Noticias

IMFD and CENIA student team wins first place in NLP competition DIPROMATS 2024

July 2024.- A group of four students, led by Marcelo Mendoza, DCC UC academic and IMFD and Cenia researcher, won first place in DIPROMATS 2024, the shared task on propaganda and narrative detection at the 2024 Iberian Languages Evaluation Forum (IberLEF)

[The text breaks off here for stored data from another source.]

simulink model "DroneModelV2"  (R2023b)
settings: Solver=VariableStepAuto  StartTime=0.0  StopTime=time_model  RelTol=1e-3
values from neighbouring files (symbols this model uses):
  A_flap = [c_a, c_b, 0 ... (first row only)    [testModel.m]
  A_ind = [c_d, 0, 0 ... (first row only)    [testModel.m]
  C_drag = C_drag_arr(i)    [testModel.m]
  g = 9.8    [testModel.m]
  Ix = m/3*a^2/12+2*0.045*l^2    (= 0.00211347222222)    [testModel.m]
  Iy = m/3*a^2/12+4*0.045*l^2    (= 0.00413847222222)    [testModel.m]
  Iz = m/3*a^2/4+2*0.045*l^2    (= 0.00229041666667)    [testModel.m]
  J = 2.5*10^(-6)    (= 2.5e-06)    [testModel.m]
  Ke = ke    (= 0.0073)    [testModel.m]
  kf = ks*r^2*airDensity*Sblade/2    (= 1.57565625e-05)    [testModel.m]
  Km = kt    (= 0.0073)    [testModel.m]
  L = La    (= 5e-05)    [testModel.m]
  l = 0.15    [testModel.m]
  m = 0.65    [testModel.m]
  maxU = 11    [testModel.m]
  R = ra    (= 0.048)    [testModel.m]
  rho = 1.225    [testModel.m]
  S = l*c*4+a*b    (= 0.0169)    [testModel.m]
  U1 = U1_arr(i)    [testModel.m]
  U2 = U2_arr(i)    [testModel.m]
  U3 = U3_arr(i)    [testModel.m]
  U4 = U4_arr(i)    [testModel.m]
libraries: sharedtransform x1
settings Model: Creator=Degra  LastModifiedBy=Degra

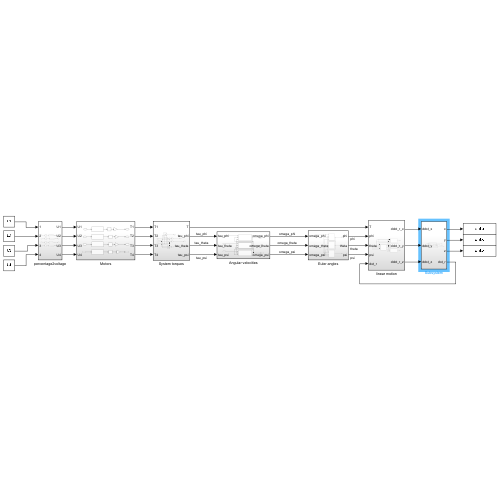
[thumbnail: Simulink's stored preview of the top-level diagram]
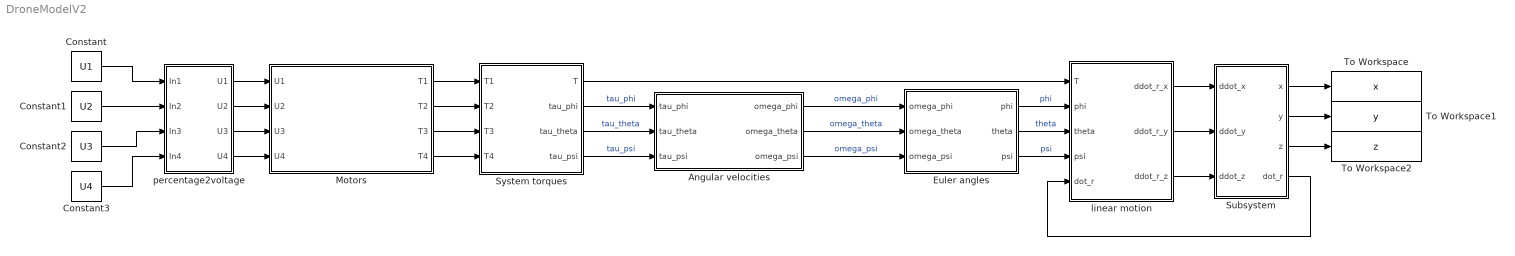
== system DroneModelV2 ==
  Angular velocities : Subsystem
  Constant : Constant  Value=U1
  Constant1 : Constant  Value=U2
  Constant2 : Constant  Value=U3
  Constant3 : Constant  Value=U4
  Euler angles : Subsystem
  Motors : Subsystem
  Subsystem : Subsystem
  System torques : Subsystem
  To Workspace : ToWorkspace  VariableName=x  SaveFormat=Timeseries  SampleTime=-1
  To Workspace1 : ToWorkspace  VariableName=y  SaveFormat=Timeseries  SampleTime=-1
  To Workspace2 : ToWorkspace  VariableName=z  SaveFormat=Timeseries  SampleTime=-1
  linear motion : Subsystem
  percentage2voltage : Subsystem
  wires:
  Motors/1(T1) -> System torques/1(T1)
  Motors/2(T2) -> System torques/2(T2)
  Motors/3(T3) -> System torques/3(T3)
  Motors/4(T4) -> System torques/4(T4)
  System torques/2(tau_phi) -> Angular velocities/1(tau_phi)  "tau_phi"
  System torques/3(tau_theta) -> Angular velocities/2(tau_theta)  "tau_theta"
  System torques/4(tau_psi) -> Angular velocities/3(tau_psi)  "tau_psi"
  Angular velocities/1(omega_phi) -> Euler angles/1(omega_phi)  "omega_phi"
  Angular velocities/2(omega_theta) -> Euler angles/2(omega_theta)  "omega_theta"
  Angular velocities/3(omega_psi) -> Euler angles/3(omega_psi)  "omega_psi"
  Euler angles/1(phi) -> linear motion/2(phi)  "phi"
  Euler angles/2(theta) -> linear motion/3(theta)  "theta"
  Euler angles/3(psi) -> linear motion/4(psi)  "psi"
  System torques/1(T) -> linear motion/1(T)
  Constant/1 -> percentage2voltage/1(In1)
  Constant1/1 -> percentage2voltage/2(In2)
  Constant2/1 -> percentage2voltage/3(In3)
  Constant3/1 -> percentage2voltage/4(In4)
  percentage2voltage/1(U1) -> Motors/1(U1)
  percentage2voltage/2(U2) -> Motors/2(U2)
  percentage2voltage/3(U3) -> Motors/3(U3)
  percentage2voltage/4(U4) -> Motors/4(U4)
  linear motion/1(ddot_r_x) -> Subsystem/1(ddot_x)
  linear motion/2(ddot_r_y) -> Subsystem/2(ddot_y)
  linear motion/3(ddot_r_z) -> Subsystem/3(ddot_z)
  Subsystem/1(x) -> To Workspace/1
  Subsystem/2(y) -> To Workspace1/1
  Subsystem/4(dot_r) -> linear motion/5(dot_r)
  Subsystem/3(z) -> To Workspace2/1

== system DroneModelV2/Angular velocities ==
  tau_phi : Inport
  tau_theta : Inport  Port=2
  tau_psi : Inport  Port=3
  Subsystem1 : Subsystem
  Subsystem2 : Subsystem
  Subsystem3 : Subsystem
  omega_phi : Outport
  omega_theta : Outport  Port=2
  omega_psi : Outport  Port=3
  wires:
  Subsystem2/1(omega_theta) -> omega_theta/1, Subsystem1/2(omega_theta), Subsystem3/3(omega_theta)  "omega_theta"
  tau_theta/1 -> Subsystem2/1(tau_theta)
  Subsystem1/1(omega_phi) -> omega_phi/1, Subsystem3/2(omega_phi), Subsystem2/2(omega_phi)  "omega_phi"
  Subsystem3/1(omega_psi) -> omega_psi/1, Subsystem2/3(omega_psi), Subsystem1/3(omega_psi)  "omega_psi"
  tau_phi/1 -> Subsystem1/1(tau_phi)
  tau_psi/1 -> Subsystem3/1(tau_psi)

== system DroneModelV2/Euler angles ==
  omega_phi : Inport
  omega_theta : Inport  Port=2
  omega_psi : Inport  Port=3
  Subsystem1 : Subsystem
  Subsystem2 : Subsystem
  Subsystem3 : Subsystem
  phi : Outport
  theta : Outport  Port=2
  psi : Outport  Port=3
  wires:
  Subsystem2/1(theta) -> theta/1, Subsystem1/2(theta), Subsystem3/4(theta)  "theta"
  Subsystem1/1(phi) -> phi/1, Subsystem3/1(phi), Subsystem2/1(phi)  "phi"
  omega_theta/1 -> Subsystem3/2(omega_theta), Subsystem1/3(omega_theta), Subsystem2/2(omega_theta)
  omega_psi/1 -> Subsystem2/3(omega_psi), Subsystem3/3(omega_psi), Subsystem1/4(omega_psi)
  omega_phi/1 -> Subsystem1/1(omega_phi)
  Subsystem3/1(psi) -> psi/1  "psi"

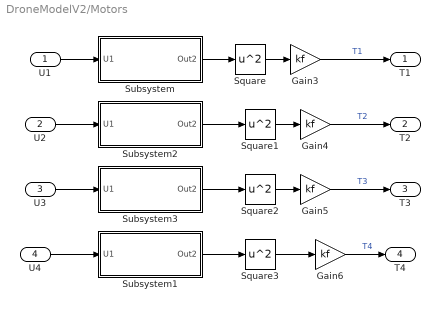
== system DroneModelV2/Motors ==
  U1 : Inport
  U2 : Inport  Port=2
  U3 : Inport  Port=3
  U4 : Inport  Port=4
  Gain{3..6} (4 alike) : Gain  Gain=kf
  Square{,1..3} (4 alike) : Math  Operator=square
  Subsystem : Subsystem
  Subsystem1 : Subsystem
  Subsystem2 : Subsystem
  Subsystem3 : Subsystem
  T1 : Outport
  T2 : Outport  Port=2
  T3 : Outport  Port=3
  T4 : Outport  Port=4
  wires:
  Square2/1 -> Gain5/1
  Square/1 -> Gain3/1
  Square1/1 -> Gain4/1
  Square3/1 -> Gain6/1
  Subsystem3/1(Out2) -> Square2/1
  U4/1 -> Subsystem1/1(U1)
  U1/1 -> Subsystem/1(U1)
  Gain6/1 -> T4/1  "T4"
  U3/1 -> Subsystem3/1(U1)
  Gain3/1 -> T1/1  "T1"
  Gain4/1 -> T2/1  "T2"
  Gain5/1 -> T3/1  "T3"
  Subsystem1/1(Out2) -> Square3/1
  U2/1 -> Subsystem2/1(U1)
  Subsystem2/1(Out2) -> Square1/1
  Subsystem/1(Out2) -> Square/1

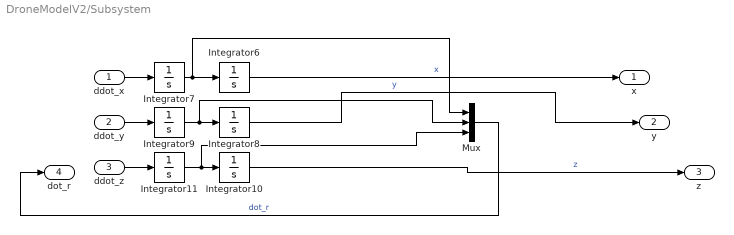
== system DroneModelV2/Subsystem ==
  ddot_x : Inport
  ddot_y : Inport  Port=2
  ddot_z : Inport  Port=3
  Integrator10 : Integrator  InitialCondition=100
  Integrator11 : Integrator
  Integrator6 : Integrator  InitialCondition=100
  Integrator7 : Integrator
  Integrator8 : Integrator  InitialCondition=100
  Integrator9 : Integrator
  Mux : Mux  Inputs=3
  x : Outport
  y : Outport  Port=2
  z : Outport  Port=3
  dot_r : Outport  Port=4
  wires:
  Integrator9/1 -> Mux/2, Integrator8/1
  Integrator7/1 -> Mux/1, Integrator6/1
  Integrator10/1 -> z/1  "z"
  Integrator11/1 -> Mux/3, Integrator10/1
  Integrator8/1 -> y/1  "y"
  ddot_x/1 -> Integrator7/1
  Mux/1 -> dot_r/1  "dot_r"
  Integrator6/1 -> x/1  "x"
  ddot_y/1 -> Integrator9/1
  ddot_z/1 -> Integrator11/1

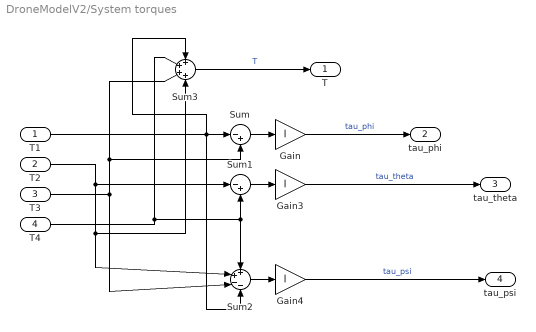
== system DroneModelV2/System torques ==
  T1 : Inport
  T2 : Inport  Port=2
  T3 : Inport  Port=3
  T4 : Inport  Port=4
  Gain : Gain  Gain=l
  Gain3 : Gain  Gain=l
  Gain4 : Gain  Gain=l
  Sum : Sum  Inputs=|-+
  Sum1 : Sum  Inputs=|-+
  Sum2 : Sum  Inputs=++--
  Sum3 : Sum  Inputs=++++
  T : Outport
  tau_phi : Outport  Port=2
  tau_theta : Outport  Port=3
  tau_psi : Outport  Port=4
  wires:
  T3/1 -> Sum2/3, Sum3/3, Sum/2
  T4/1 -> Sum3/2, Sum1/2, Sum2/1
  Sum2/1 -> Gain4/1
  Gain4/1 -> tau_psi/1  "tau_psi"
  T1/1 -> Sum2/4, Sum3/1, Sum/1
  Sum/1 -> Gain/1
  Sum1/1 -> Gain3/1
  Sum3/1 -> T/1  "T"
  T2/1 -> Sum2/2, Sum3/4, Sum1/1
  Gain3/1 -> tau_theta/1  "tau_theta"
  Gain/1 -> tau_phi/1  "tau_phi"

The team, integrated by Miguel Fernández (IMFD and PhD DCC UC), Maximiliano Ojeda (IMFD and PhD DCC UC), Lilly Guevara (CENIA RL5 and USM Engineering), Diego Varela (CENIA RL5 and USM Engineering) obtained the best results in one of the two categories of the task, which consisted of developing systems capable of detecting and characterizing propagandistic content in tweets written by authorities from US, Europe, Russia and China, in English or Spanish.

Propaganda

The deceptive intent of propaganda may be less obvious and more damaging than disinformation. Its content need not be false, and its effects may only be perceptible over time. The abuse of propagandistic content in the information ecosystem produces a manipulation of public opinion, which can be really detrimental to the democratic system.

“Propagandistic content is understood as a message that is premeditatedly designed to influence a certain audience: it is deliberately constructed and can effectively jeopardize the democratic discussion on certain issues, for example, distort what foreigners really do in Chile, can affect minorities, and that slowly erodes democracy,” says Miguel Fernandez, IMFD and PhD student DCC UC. This is why this phenomenon is of particular importance for the studies and was selected by DIPROMATS for this competition.

Miguel Fernández (IMFD y doctorado DCC UC)

“In this challenge we used techniques based on artificial intelligence and natural language processing to detect the use of persuasive language and propaganda techniques in text,” explains Marcelo Mendoza, IMFD researcher.

Marcelo Mendoza, académico del Departamento de Ciencia de la Computación UC, investigador IMFD y Cenia.

“We trained a model based on Transformers technology, which is an architecture that allows machine learning models to understand text and also techniques such as data augmentation,” explains Diego Varela, from CENIA RL5 and USM Engineering.

Diego Varela (CENIA RL5 e Ingeniería USM)

These techniques make it possible to perform analyses that would be impossible to carry out, given the large amount of information that must be handled. “We as humans perhaps have very few resources or not all of us have the resources to be able to identify this type of phenomena, but thanks to these technologies, we can achieve it,” highlights Lily Guevara, from CENIA RL5 and USM Engineering.

Lily Guevara (CENIA RL5 e Ingeniería USM)

Transformers are useful to identify patterns in texts and the way to identify propaganda is to review how the language is behaving within the text: what goes before, what goes after, what words go together: the use of all the language. That is why it is one of the most used techniques nowadays, explains Maximiliano Ojeda, IMFD and DCC UC.

DIPROMATS 2024 is a challenge organized by the Natural Language Processing and Information Retrieval Research Group of the National University of Distance Education of Spain (UNED), in which the research community defined new research challenges and proposed tasks to advance the state of the art in natural language processing (NPL).